Software wants 1.6ghz - I have 1.5

I’m thinking of moving to Visual Studio 2008. But I’m using a Lenovo notebook PC that uses a Intel Core2 Duo CPU running at 1.5ghz, and VS2008 specifies a minimum of 1.6ghz. Could this work, or will I soon be looking for a new PC?

Any thoughts on VS2008 vs 2005 would also be welcome. Note that I’m hoping to stick with WinXP for a while yet.

It is asking for a 1.6 GHz single core processor, from the last-generation Pentium 4 processors.

You’re more than qualified :slight_smile:

Even if you had a 1.5 GHz Pentium 4 Processor, the program should install and run fine… it would just be a tad on the slow side.

I don’t see in those specs anything distinguishing signle vs multi-core processors.

The sad fact is that 1.6 GHz is the minumum, and 2.2 is the recommended speed. I’m sure the app will be functional on your 1.5, but you’ll be itching to buy a new computer pretty soon.

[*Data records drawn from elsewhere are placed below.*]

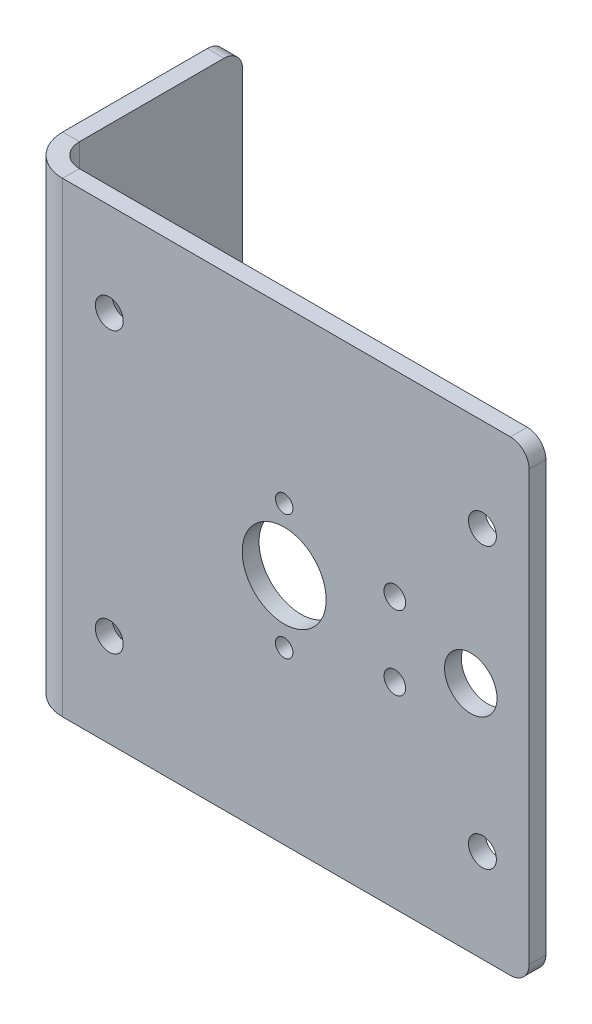
from build123d import *

# Parameters (mm, degrees)
BASE_FLANGE1_DEPTH              = 31.75
FILLET1_R                       = 2.54
F_25_0_1495_DIAMETER_HOLE1_D    = 3.7973
SKETCH10_R                      = 5.715
CUT_EXTRUDE1_DEPTH              = 56.168930099
F_9_32_0_28125_DIAMETER_HOLE1_D = 7.14375
F_3_32_0_09375_DIAMETER_HOLE1_D = 2.38125
F_32_0_116_DIAMETER_HOLE1_D     = 2.9464


# Sheet-metal steps are written as plain solids
with BuildPart() as part:
    # Sketch3 → Base-Flange1 (new, symmetric)
    with BuildSketch(Plane(origin=(0, 0, 0), x_dir=(-1, 0, 0), z_dir=(0, 1, 0))):
        with BuildLine():
            Line((-33.3375, 0), (30.1625, 0))
            ThreePointArc((30.1625, 0), (32.40756403, -0.92993597), (33.3375, -3.175))
            Line((33.3375, -3.175), (33.3375, -25.4))
            Line((33.3375, -25.4), (35.6235, -25.4))
            Line((35.6235, -25.4), (35.6235, -3.175))
            ThreePointArc((35.6235, -3.175), (34.024010132, 0.686510132), (30.1625, 2.286))
            Line((30.1625, 2.286), (-33.3375, 2.286))
            Line((-33.3375, 2.286), (-33.3375, 0))
        make_face()
    extrude(amount=BASE_FLANGE1_DEPTH, both=True)

    # Fillet1
    fillet1_edges = [part.edges().sort_by_distance(p)[0] for p in [
        (33.3375, 31.75, 1.143),
        (33.3375, -31.75, 1.143),
        (-34.4805, 31.75, -25.4),
        (-34.4805, -31.75, -25.4),
    ]]
    fillet(fillet1_edges, radius=FILLET1_R)

    # #25 (0.1495) Diameter Hole1 (through all)
    with Locations(Plane.XY.offset(2.286)):
        with Locations((-23.8125, 19.05), (26.9875, 19.05), (26.9875, -19.05), (-23.8125, -19.05)):
            Hole(F_25_0_1495_DIAMETER_HOLE1_D / 2)

    # Sketch10 → Cut-Extrude1 (cut, through all)
    with BuildSketch(Plane.XY.offset(2.286)):
        Circle(SKETCH10_R)
    extrude(amount=-CUT_EXTRUDE1_DEPTH, mode=Mode.SUBTRACT)

    # 9/32 (0.28125) Diameter Hole1 (through all)
    with Locations(Plane.XY.offset(2.286)):
        with Locations((25.4, 0)):
            Hole(F_9_32_0_28125_DIAMETER_HOLE1_D / 2)

    # 3/32 (0.09375) Diameter Hole1 (through all)
    with Locations(Plane.XY.offset(2.286)):
        with Locations((0, 8.5), (0, -8.5)):
            Hole(F_3_32_0_09375_DIAMETER_HOLE1_D / 2)

    # #32 (0.116) Diameter Hole1 (through all)
    with Locations(Plane.XY.offset(2.286)):
        with Locations((15.057884182, 5.027499276), (15.057884182, -5.027499276)):
            Hole(F_32_0_116_DIAMETER_HOLE1_D / 2)


solid = part.part
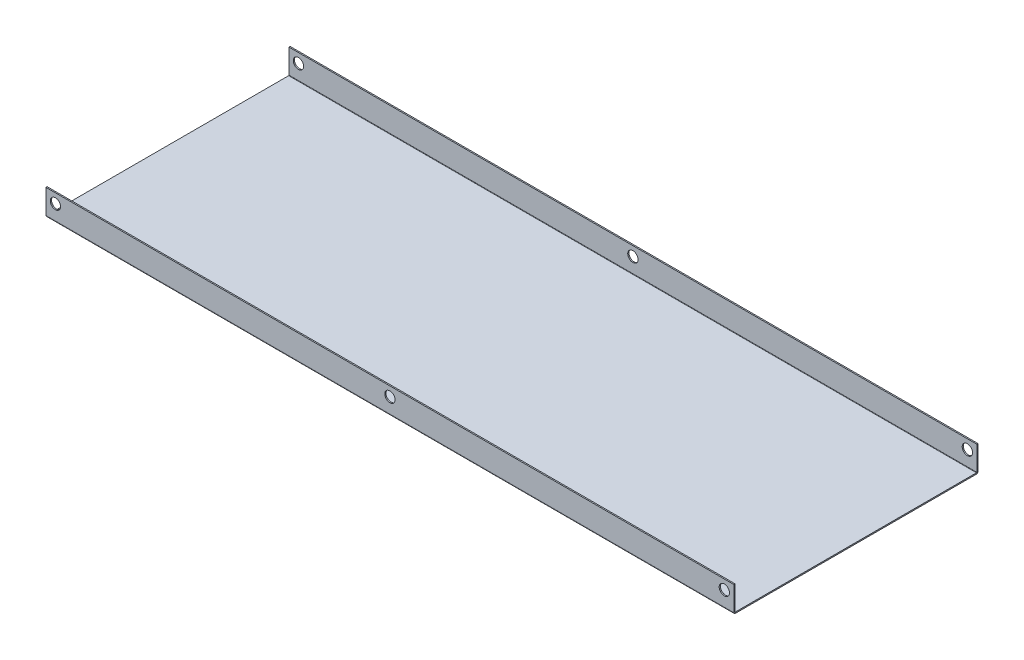
from build123d import *

# Parameters (mm, degrees)
SKETCH_1_W                         = 400
SKETCH_1_H                         = 142
SM_BASE_FLANGE_1_DEPTH             = 0.7
SM_EDGE_FLANGE_1_STRIP_W           = 3.2
SM_EDGE_FLANGE_1_STRIP_H           = 0.7
SM_EDGE_FLANGE_1_STRIP_CUT_DEPTH   = 400
SM_EDGE_FLANGE_1_STRIP_2_W         = 3.2
SM_EDGE_FLANGE_1_STRIP_2_H         = 0.7
SM_EDGE_FLANGE_1_STRIP_CUT_2_DEPTH = 400
SM_EDGE_FLANGE_1_DEPTH             = 400
SM_EDGE_FLANGE_1_BEND_DEPTH        = 400
SKETCH_17_R                        = 3
CUT_EXTRUDE_1_DEPTH                = 10
CUT_EXTRUDE_START                  = -10
SKETCH_18_R                        = 3
CUT_EXTRUDE_2_DEPTH                = 10


# Sheet-metal steps are written as plain solids
with BuildPart() as part:
    # 草图1 → 基体-法兰1 (new body)
    with BuildSketch(Plane(origin=(0, 0, 0), x_dir=(1, 0, 0), z_dir=(0, 1, 0))):
        Rectangle(SKETCH_1_W, SKETCH_1_H)
    extrude(amount=-SM_BASE_FLANGE_1_DEPTH)

    # 边线-法兰1 strip (across the edge) → 边线-法兰1 strip cut (cut)
    with BuildSketch(Plane(origin=(200, 0, -71), x_dir=(0, 0, 1), z_dir=(-1, 0, 0))):
        with Locations((-0.7, -0.35)):
            Rectangle(SM_EDGE_FLANGE_1_STRIP_W, SM_EDGE_FLANGE_1_STRIP_H)
    extrude(amount=SM_EDGE_FLANGE_1_STRIP_CUT_DEPTH, mode=Mode.SUBTRACT)

    # 边线-法兰1 strip 2 (across the edge) → 边线-法兰1 strip cut 2 (cut)
    with BuildSketch(Plane(origin=(-200, 0, 71), x_dir=(0, 0, -1), z_dir=(1, 0, 0))):
        with Locations((-0.7, -0.35)):
            Rectangle(SM_EDGE_FLANGE_1_STRIP_2_W, SM_EDGE_FLANGE_1_STRIP_2_H)
    extrude(amount=SM_EDGE_FLANGE_1_STRIP_CUT_2_DEPTH, mode=Mode.SUBTRACT)

    # 边线-法兰1 section (across the edge) → 边线-法兰1 (add)
    with BuildSketch(Plane(origin=(200, 0, -71), x_dir=(0, 0, 1), z_dir=(-1, 0, 0))):
        with BuildLine():
            Line((0, 0.2), (0, 14.3))
            Line((0, 14.3), (0.7, 14.3))
            Line((0.7, 14.3), (0.7, 0.2))
            ThreePointArc((0.7, 0.2), (0.758578644, 0.058578644), (0.9, 0))
            Line((0.9, 0), (0.9, -0.7))
            ThreePointArc((0.9, -0.7), (0.263603897, -0.436396103), (0, 0.2))
        make_face()
    extrude(amount=SM_EDGE_FLANGE_1_DEPTH)

    # 边线-法兰1 section 2 (across the edge) → 边线-法兰1 bend (add)
    with BuildSketch(Plane(origin=(-200, 0, 71), x_dir=(0, 0, -1), z_dir=(1, 0, 0))):
        with BuildLine():
            Line((0, 0.2), (0, 14.3))
            Line((0, 14.3), (0.7, 14.3))
            Line((0.7, 14.3), (0.7, 0.2))
            ThreePointArc((0.7, 0.2), (0.758578644, 0.058578644), (0.9, 0))
            Line((0.9, 0), (0.9, -0.7))
            ThreePointArc((0.9, -0.7), (0.263603897, -0.436396103), (0, 0.2))
        make_face()
    extrude(amount=SM_EDGE_FLANGE_1_BEND_DEPTH)

    # 草图17 → 切除-拉伸1 (cut)
    with BuildSketch(Plane(origin=(0, 0, -71), x_dir=(-1, 0, 0), z_dir=(0, 0, -1))):
        with Locations(Location((-194.5, 8.8, 0), (0, 0, 90))):
            Circle(SKETCH_17_R)
        with Locations(Location((0, 8.8, 0), (0, 0, 90))):
            Circle(SKETCH_17_R)
        with Locations(Location((194.5, 8.8, 0), (0, 0, 270))):
            Circle(SKETCH_17_R)
    extrude(amount=-CUT_EXTRUDE_1_DEPTH, mode=Mode.SUBTRACT)

    # 草图18 → 切除-拉伸2 (cut)
    with BuildSketch(Plane.XY.offset(71).offset(CUT_EXTRUDE_START)):
        with Locations(Location((-194.5, 8.8, 0), (0, 0, 270))):
            Circle(SKETCH_18_R)
        with Locations(Location((0, 8.8, 0), (0, 0, 90))):
            Circle(SKETCH_18_R)
        with Locations(Location((194.5, 8.8, 0), (0, 0, 90))):
            Circle(SKETCH_18_R)
    extrude(amount=CUT_EXTRUDE_2_DEPTH, mode=Mode.SUBTRACT)


solid = part.part

Also, you probably do not have a 7200 rpm drive in that laptop, so disk access may be a trouble spot.

I just had a look at Visual Studio - I thought it was a video editing app…couldn’t be much father wrong there. <blush> The current specs are for a minimum 2.2 GHz processor, and recommend a 2.6, so you’ll be absolutely miserable trying to run it on that laptop.

Anecdotally, I run VS2005 in a virtual machine, where the VM files are on an external USB drive, and it runs pretty ok. With 512 MB devoted to the VM, and I have not felt the need to increase that. I do asp .net projects in it (database server in a separate machine).

I think part of the reason why this setup works is because the VM is a very clean XP installation, with very little crap installed in it besides my dev tools.

The VM host is a laptop with a 2Ghz AMD Turion 64 X2 processor. 4GB ram.

If you are a C# or .NET user, I think VS 2008 add some pretty cool stuff to Generics as well as extension methods (being able to add methods to a class definition without changing it at all, by creating a new proxy class).

I’ve generally found that, for software, the minimum specs are the absolute, rock-bottom, bare-bones minimum required to just get the program to actually run. You won’t be able to actually use it until you get somewhere close to the recommended specs.

But the single-core/dual-core issue may make up for it.